(Records for the task Opens)

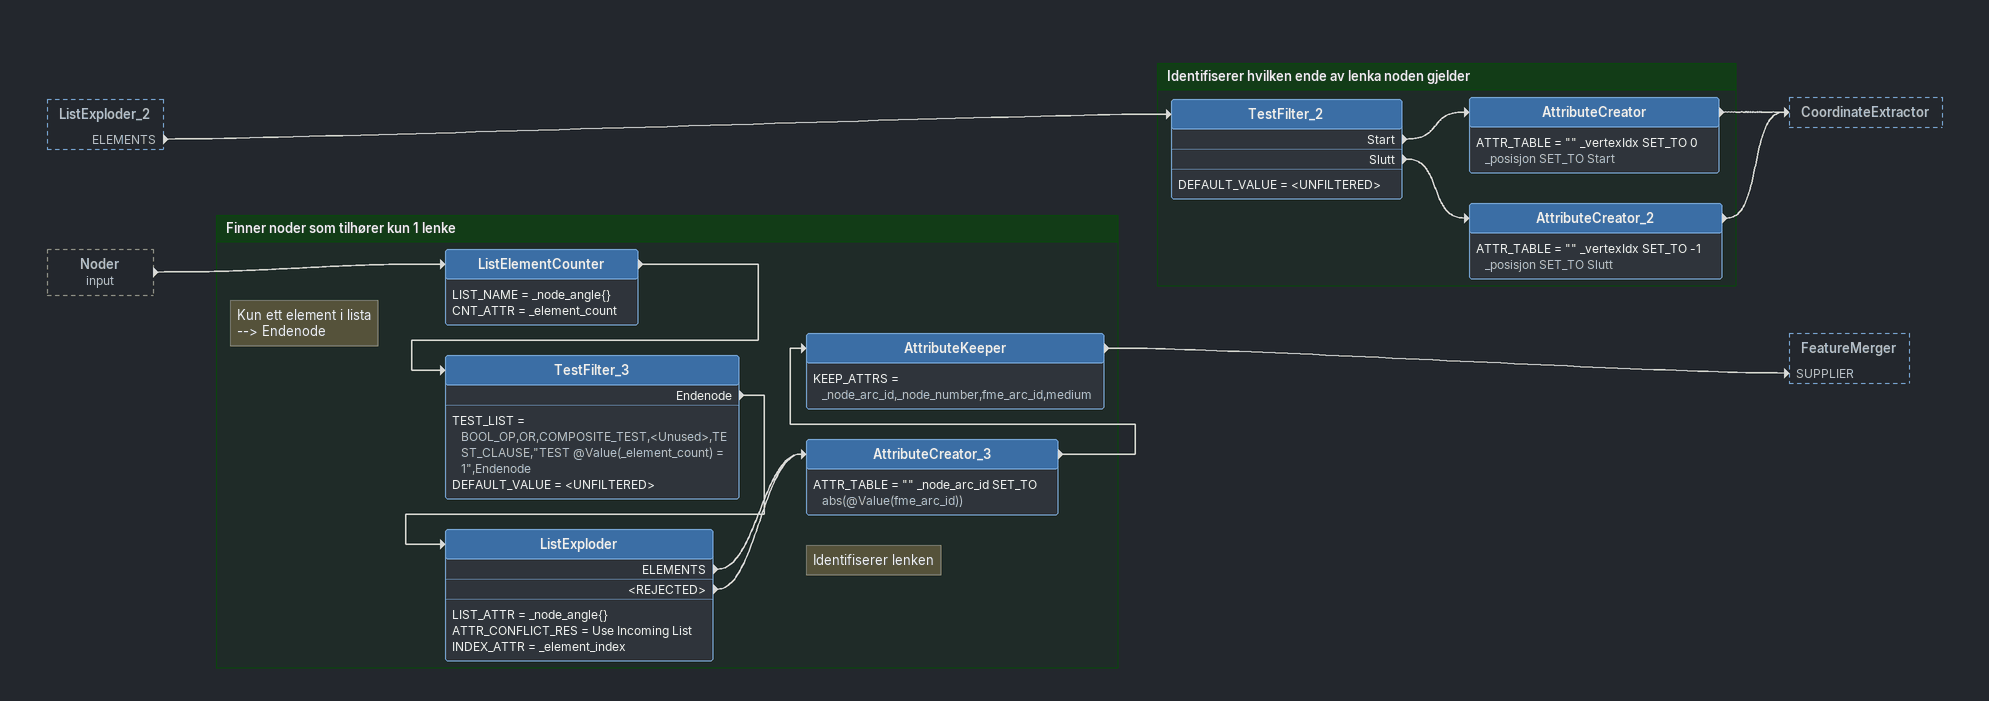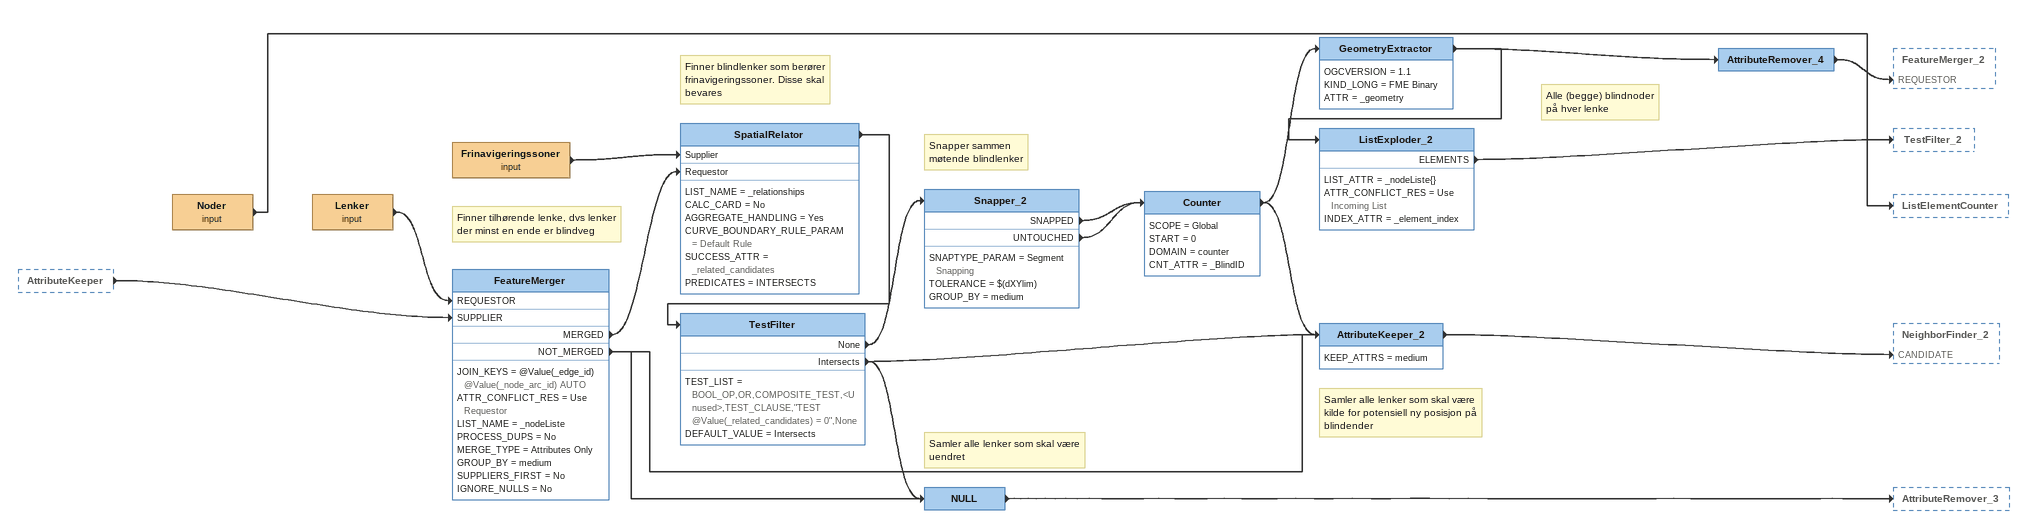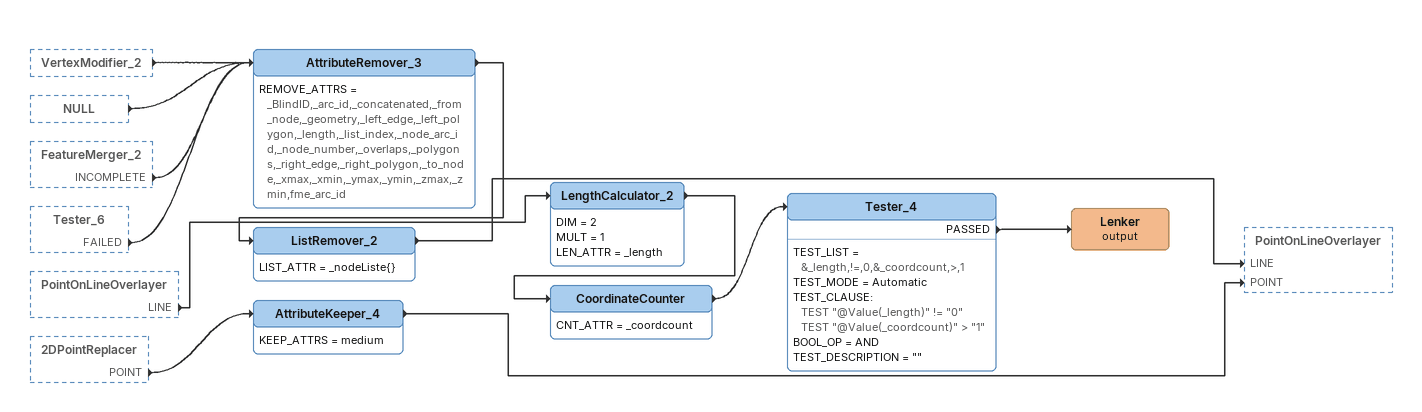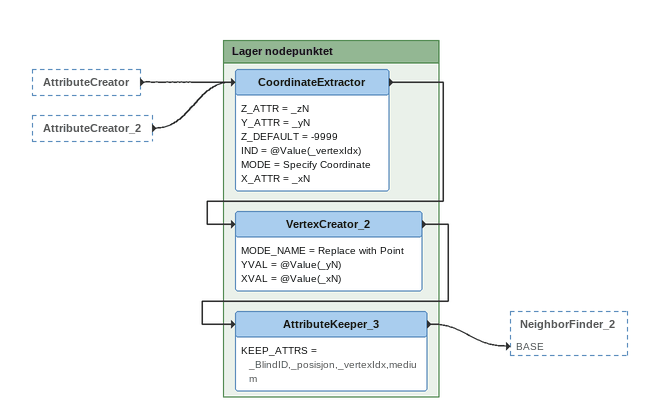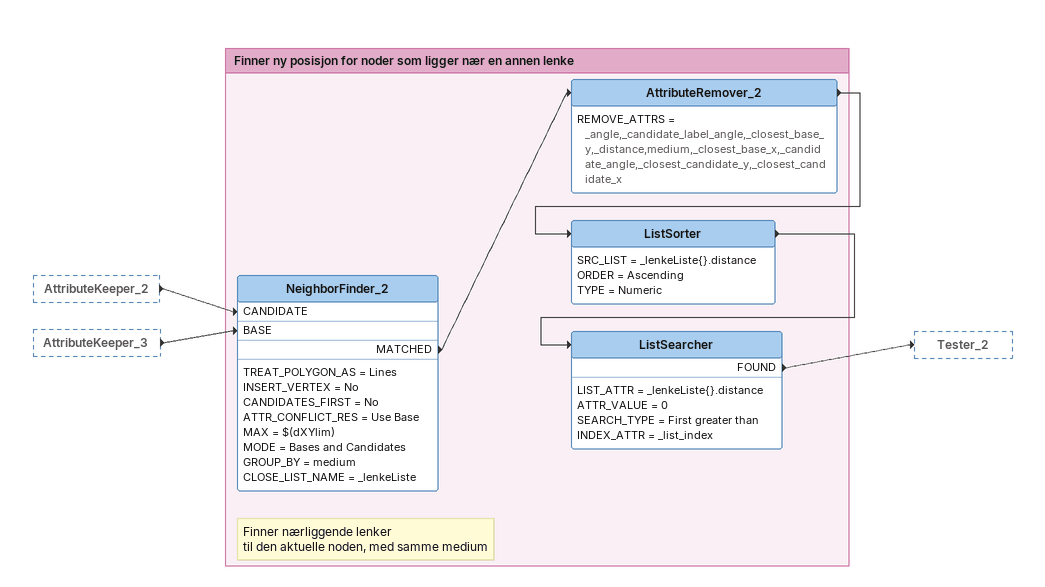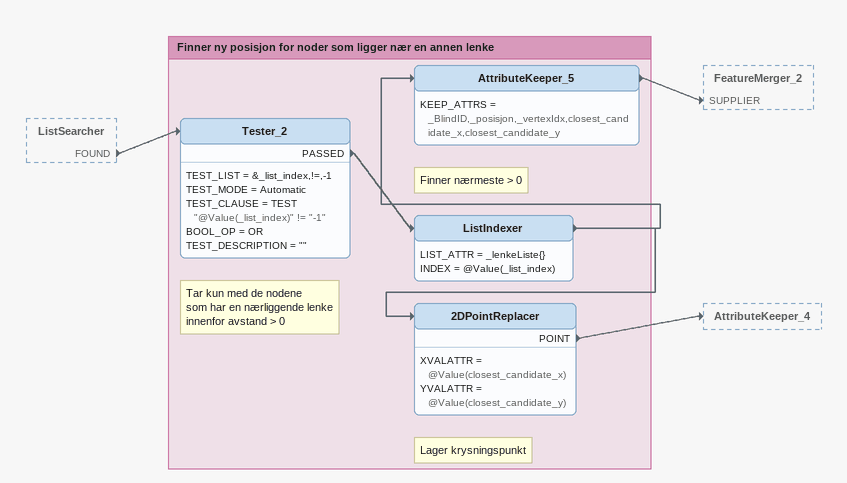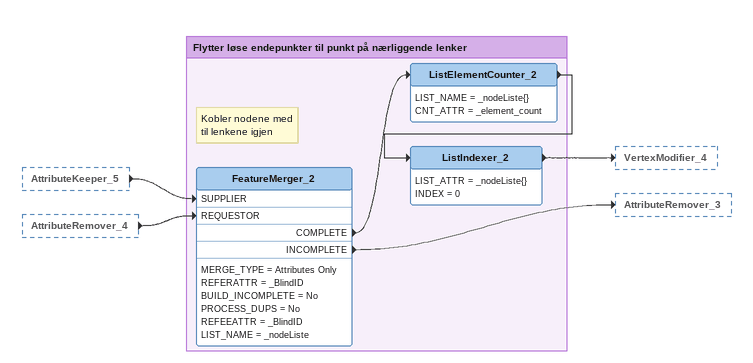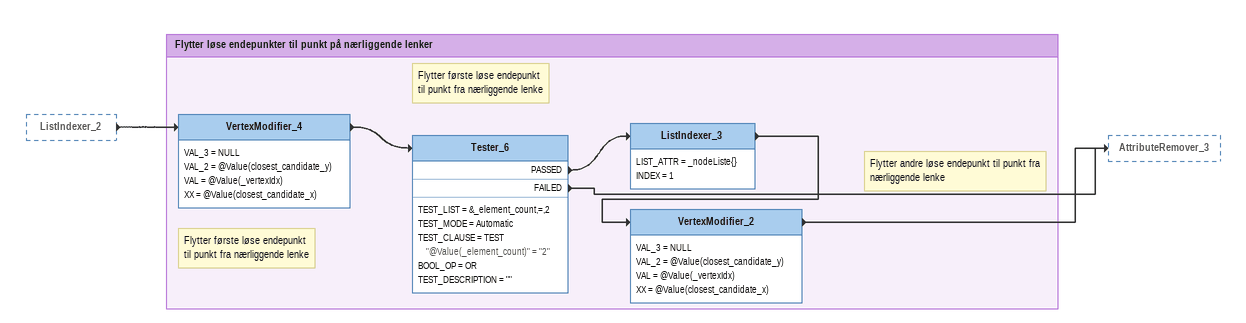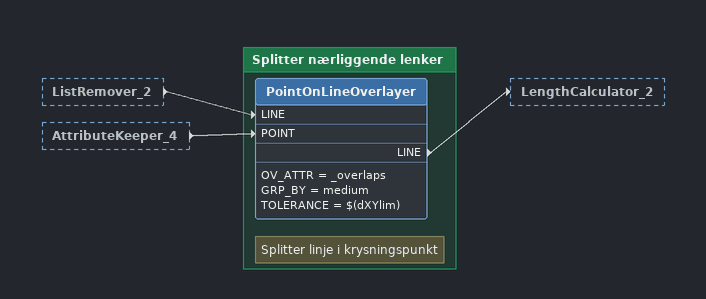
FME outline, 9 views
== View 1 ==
ListExploder_2 [outside]
    ELEMENTS -> TestFilter_2
Noder (input) [outside]
    -> ListElementCounter

Bookmark: Finner noder som tilhører kun 1 lenke
ListElementCounter
    LIST_NAME = _node_angle{}
    CNT_ATTR = _element_count
    -> TestFilter_3
Note: Kun ett element i lista / --> Endenode
TestFilter_3
    TEST_LIST = BOOL_OP,OR,COMPOSITE_TEST,<Unused>,TEST_CLAUSE,"TEST @Value(_element_count) = 1",Endenode
    DEFAULT_VALUE = <UNFILTERED>
    Endenode -> ListExploder
ListExploder
    LIST_ATTR = _node_angle{}
    ATTR_CONFLICT_RES = Use Incoming List
    INDEX_ATTR = _element_index
    ELEMENTS -> AttributeCreator_3
    <REJECTED> -> AttributeCreator_3
Note: Identifiserer lenken
AttributeCreator_3
    ATTR_TABLE = "" _node_arc_id SET_TO abs(@Value(fme_arc_id))
    -> AttributeKeeper
AttributeKeeper
    KEEP_ATTRS = _node_arc_id,_node_number,fme_arc_id,medium
    -> FeatureMerger [SUPPLIER]

Bookmark: Identifiserer hvilken ende av lenka noden gjelder
TestFilter_2
    DEFAULT_VALUE = <UNFILTERED>
    Start -> AttributeCreator
    Slutt -> AttributeCreator_2
AttributeCreator
    ATTR_TABLE = "" _vertexIdx SET_TO 0  _posisjon SET_TO Start
    -> CoordinateExtractor
AttributeCreator_2
    ATTR_TABLE = "" _vertexIdx SET_TO -1  _posisjon SET_TO Slutt
    -> CoordinateExtractor

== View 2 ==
AttributeKeeper [outside]
    -> FeatureMerger [SUPPLIER]
Noder (input)
    -> ListElementCounter
Lenker (input)
    -> FeatureMerger [REQUESTOR]
Note: Finner tilhørende lenke, dvs lenker der minst en ende er blindveg
FeatureMerger
    JOIN_KEYS = @Value(_edge_id) @Value(_node_arc_id) AUTO
    ATTR_CONFLICT_RES = Use Requestor
    LIST_NAME = _nodeListe
    PROCESS_DUPS = No
    MERGE_TYPE = Attributes Only
    GROUP_BY = medium
    SUPPLIERS_FIRST = No
    IGNORE_NULLS = No
    MERGED -> SpatialRelator [Requestor]
    NOT_MERGED -> AttributeKeeper_2
    NOT_MERGED -> NULL
Frinavigeringssoner (input)
    -> SpatialRelator [Supplier]
Note: Finner blindlenker som berører frinavigeringssoner. Disse skal bevares
SpatialRelator
    LIST_NAME = _relationships
    CALC_CARD = No
    AGGREGATE_HANDLING = Yes
    CURVE_BOUNDARY_RULE_PARAM = Default Rule
    SUCCESS_ATTR = _related_candidates
    PREDICATES = INTERSECTS
    -> TestFilter
TestFilter
    TEST_LIST = BOOL_OP,OR,COMPOSITE_TEST,<Unused>,TEST_CLAUSE,"TEST @Value(_related_candidates) = 0",None
    DEFAULT_VALUE = Intersects
    None -> Snapper_2
    Intersects -> AttributeKeeper_2
    Intersects -> NULL
Note: Snapper sammen / møtende blindlenker
Snapper_2
    SNAPTYPE_PARAM = Segment Snapping
    TOLERANCE = $(dXYlim)
    GROUP_BY = medium
    SNAPPED -> Counter
    UNTOUCHED -> Counter
Counter
    SCOPE = Global
    START = 0
    DOMAIN = counter
    CNT_ATTR = _BlindID
    -> AttributeKeeper_2
    -> GeometryExtractor
GeometryExtractor
    OGCVERSION = 1.1
    KIND_LONG = FME Binary
    ATTR = _geometry
    -> ListExploder_2
    -> AttributeRemover_4
AttributeRemover_4
    -> FeatureMerger_2 [REQUESTOR]
Note: Alle (begge) blindnoder / på hver lenke
ListExploder_2
    LIST_ATTR = _nodeListe{}
    ATTR_CONFLICT_RES = Use Incoming List
    INDEX_ATTR = _element_index
    ELEMENTS -> TestFilter_2
Note: Samler alle lenker som skal være kilde for potensiell ny posisjon på blindender
AttributeKeeper_2
    KEEP_ATTRS = medium
    -> NeighborFinder_2 [CANDIDATE]
Note: Samler alle lenker som skal være uendret
NULL
    -> AttributeRemover_3

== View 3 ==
VertexModifier_2 [outside]
    -> AttributeRemover_3
NULL [outside]
    -> AttributeRemover_3
FeatureMerger_2 [outside]
    INCOMPLETE -> AttributeRemover_3
Tester_6 [outside]
    FAILED -> AttributeRemover_3
PointOnLineOverlayer [outside]
    LINE -> LengthCalculator_2
2DPointReplacer [outside]
    POINT -> AttributeKeeper_4
AttributeKeeper_4
    KEEP_ATTRS = medium
    -> PointOnLineOverlayer [POINT]
AttributeRemover_3
    REMOVE_ATTRS = _BlindID,_arc_id,_concatenated,_from_node,_geometry,_left_edge,_left_polygon,_length,_list_index,_node_arc_id,_node_number,_overlaps,_polygons,_right_edge,_right_polygon,_to_node,_xmax,_xmin,_ymax,_ymin,_zmax,_zmin,fme_arc_id
    -> ListRemover_2
ListRemover_2
    LIST_ATTR = _nodeListe{}
    -> PointOnLineOverlayer [LINE]
LengthCalculator_2
    DIM = 2
    MULT = 1
    LEN_ATTR = _length
    -> CoordinateCounter
CoordinateCounter
    CNT_ATTR = _coordcount
    -> Tester_4
Tester_4
    TEST_LIST = &_length,!=,0,&_coordcount,>,1
    TEST_MODE = Automatic
    TEST_CLAUSE:
      TEST "@Value(_length)" != "0"
      TEST "@Value(_coordcount)" > "1"
    BOOL_OP = AND
    TEST_DESCRIPTION = ""
    PASSED -> Lenker (output)
Lenker (output)

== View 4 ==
AttributeCreator [outside]
    -> CoordinateExtractor
AttributeCreator_2 [outside]
    -> CoordinateExtractor

Bookmark: Lager nodepunktet
CoordinateExtractor
    Z_ATTR = _zN
    Y_ATTR = _yN
    Z_DEFAULT = -9999
    IND = @Value(_vertexIdx)
    MODE = Specify Coordinate
    X_ATTR = _xN
    -> VertexCreator_2
VertexCreator_2
    MODE_NAME = Replace with Point
    YVAL = @Value(_yN)
    XVAL = @Value(_xN)
    -> AttributeKeeper_3
AttributeKeeper_3
    KEEP_ATTRS = _BlindID,_posisjon,_vertexIdx,medium
    -> NeighborFinder_2 [BASE]

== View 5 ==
AttributeKeeper_2 [outside]
    -> NeighborFinder_2 [CANDIDATE]
AttributeKeeper_3 [outside]
    -> NeighborFinder_2 [BASE]

Bookmark: Finner ny posisjon for noder som ligger nær en annen lenke
Note: Finner nærliggende lenker / til den aktuelle noden, med samme medium
NeighborFinder_2
    TREAT_POLYGON_AS = Lines
    INSERT_VERTEX = No
    CANDIDATES_FIRST = No
    ATTR_CONFLICT_RES = Use Base
    MAX = $(dXYlim)
    MODE = Bases and Candidates
    GROUP_BY = medium
    CLOSE_LIST_NAME = _lenkeListe
    MATCHED -> AttributeRemover_2
AttributeRemover_2
    REMOVE_ATTRS = _angle,_candidate_label_angle,_closest_base_y,_distance,medium,_closest_base_x,_candidate_angle,_closest_candidate_y,_closest_candidate_x
    -> ListSorter
ListSorter
    SRC_LIST = _lenkeListe{}.distance
    ORDER = Ascending
    TYPE = Numeric
    -> ListSearcher
ListSearcher
    LIST_ATTR = _lenkeListe{}.distance
    ATTR_VALUE = 0
    SEARCH_TYPE = First greater than
    INDEX_ATTR = _list_index
    FOUND -> Tester_2

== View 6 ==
ListSearcher [outside]
    FOUND -> Tester_2

Bookmark: Finner ny posisjon for noder som ligger nær en annen lenke
Note: Tar kun med de nodene / som har en nærliggende lenke / innenfor avstand > 0
Tester_2
    TEST_LIST = &_list_index,!=,-1
    TEST_MODE = Automatic
    TEST_CLAUSE = TEST "@Value(_list_index)" != "-1"
    BOOL_OP = OR
    TEST_DESCRIPTION = ""
    PASSED -> ListIndexer
Note: Finner nærmeste > 0
ListIndexer
    LIST_ATTR = _lenkeListe{}
    INDEX = @Value(_list_index)
    -> 2DPointReplacer
    -> AttributeKeeper_5
AttributeKeeper_5
    KEEP_ATTRS = _BlindID,_posisjon,_vertexIdx,closest_candidate_x,closest_candidate_y
    -> FeatureMerger_2 [SUPPLIER]
Note: Lager krysningspunkt
2DPointReplacer
    XVALATTR = @Value(closest_candidate_x)
    YVALATTR = @Value(closest_candidate_y)
    POINT -> AttributeKeeper_4

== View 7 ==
AttributeKeeper_5 [outside]
    -> FeatureMerger_2 [SUPPLIER]
AttributeRemover_4 [outside]
    -> FeatureMerger_2 [REQUESTOR]

Bookmark: Flytter løse endepunkter til punkt på nærliggende lenker
Note: Kobler nodene med / til lenkene igjen
FeatureMerger_2
    MERGE_TYPE = Attributes Only
    REFERATTR = _BlindID
    BUILD_INCOMPLETE = No
    PROCESS_DUPS = No
    REFEEATTR = _BlindID
    LIST_NAME = _nodeListe
    COMPLETE -> ListElementCounter_2
    INCOMPLETE -> AttributeRemover_3
ListElementCounter_2
    LIST_NAME = _nodeListe{}
    CNT_ATTR = _element_count
    -> ListIndexer_2
ListIndexer_2
    LIST_ATTR = _nodeListe{}
    INDEX = 0
    -> VertexModifier_4

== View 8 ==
ListIndexer_2 [outside]
    -> VertexModifier_4

Bookmark: Flytter løse endepunkter til punkt på nærliggende lenker
Note: Flytter første løse endepunkt / til punkt fra nærliggende lenke
VertexModifier_4
    VAL_3 = NULL
    VAL_2 = @Value(closest_candidate_y)
    VAL = @Value(_vertexIdx)
    XX = @Value(closest_candidate_x)
    -> Tester_6
Note: Flytter første løse endepunkt / til punkt fra nærliggende lenke
Tester_6
    TEST_LIST = &_element_count,=,2
    TEST_MODE = Automatic
    TEST_CLAUSE = TEST "@Value(_element_count)" = "2"
    BOOL_OP = OR
    TEST_DESCRIPTION = ""
    PASSED -> ListIndexer_3
    FAILED -> AttributeRemover_3
ListIndexer_3
    LIST_ATTR = _nodeListe{}
    INDEX = 1
    -> VertexModifier_2
Note: Flytter andre løse endepunkt til punkt fra nærliggende lenke
VertexModifier_2
    VAL_3 = NULL
    VAL_2 = @Value(closest_candidate_y)
    VAL = @Value(_vertexIdx)
    XX = @Value(closest_candidate_x)
    -> AttributeRemover_3

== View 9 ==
ListRemover_2 [outside]
    -> PointOnLineOverlayer [LINE]
AttributeKeeper_4 [outside]
    -> PointOnLineOverlayer [POINT]

Bookmark: Splitter nærliggende lenker
Note: Splitter linje i krysningspunkt
PointOnLineOverlayer
    OV_ATTR = _overlaps
    GRP_BY = medium
    TOLERANCE = $(dXYlim)
    LINE -> LengthCalculator_2

(Records for the task Closes)

• _Required work_:
Take the records from their first line through the line containing "-> SpatialRelator [Supplier]" and please return exactly those lines, both ends included, minus the pictures.

• _Answer to the exercise_:
FME outline, 9 views
== View 1 ==
ListExploder_2 [outside]
    ELEMENTS -> TestFilter_2
Noder (input) [outside]
    -> ListElementCounter

Bookmark: Finner noder som tilhører kun 1 lenke
ListElementCounter
    LIST_NAME = _node_angle{}
    CNT_ATTR = _element_count
    -> TestFilter_3
Note: Kun ett element i lista / --> Endenode
TestFilter_3
    TEST_LIST = BOOL_OP,OR,COMPOSITE_TEST,<Unused>,TEST_CLAUSE,"TEST @Value(_element_count) = 1",Endenode
    DEFAULT_VALUE = <UNFILTERED>
    Endenode -> ListExploder
ListExploder
    LIST_ATTR = _node_angle{}
    ATTR_CONFLICT_RES = Use Incoming List
    INDEX_ATTR = _element_index
    ELEMENTS -> AttributeCreator_3
    <REJECTED> -> AttributeCreator_3
Note: Identifiserer lenken
AttributeCreator_3
    ATTR_TABLE = "" _node_arc_id SET_TO abs(@Value(fme_arc_id))
    -> AttributeKeeper
AttributeKeeper
    KEEP_ATTRS = _node_arc_id,_node_number,fme_arc_id,medium
    -> FeatureMerger [SUPPLIER]

Bookmark: Identifiserer hvilken ende av lenka noden gjelder
TestFilter_2
    DEFAULT_VALUE = <UNFILTERED>
    Start -> AttributeCreator
    Slutt -> AttributeCreator_2
AttributeCreator
    ATTR_TABLE = "" _vertexIdx SET_TO 0  _posisjon SET_TO Start
    -> CoordinateExtractor
AttributeCreator_2
    ATTR_TABLE = "" _vertexIdx SET_TO -1  _posisjon SET_TO Slutt
    -> CoordinateExtractor

== View 2 ==
AttributeKeeper [outside]
    -> FeatureMerger [SUPPLIER]
Noder (input)
    -> ListElementCounter
Lenker (input)
    -> FeatureMerger [REQUESTOR]
Note: Finner tilhørende lenke, dvs lenker der minst en ende er blindveg
FeatureMerger
    JOIN_KEYS = @Value(_edge_id) @Value(_node_arc_id) AUTO
    ATTR_CONFLICT_RES = Use Requestor
    LIST_NAME = _nodeListe
    PROCESS_DUPS = No
    MERGE_TYPE = Attributes Only
    GROUP_BY = medium
    SUPPLIERS_FIRST = No
    IGNORE_NULLS = No
    MERGED -> SpatialRelator [Requestor]
    NOT_MERGED -> AttributeKeeper_2
    NOT_MERGED -> NULL
Frinavigeringssoner (input)
    -> SpatialRelator [Supplier]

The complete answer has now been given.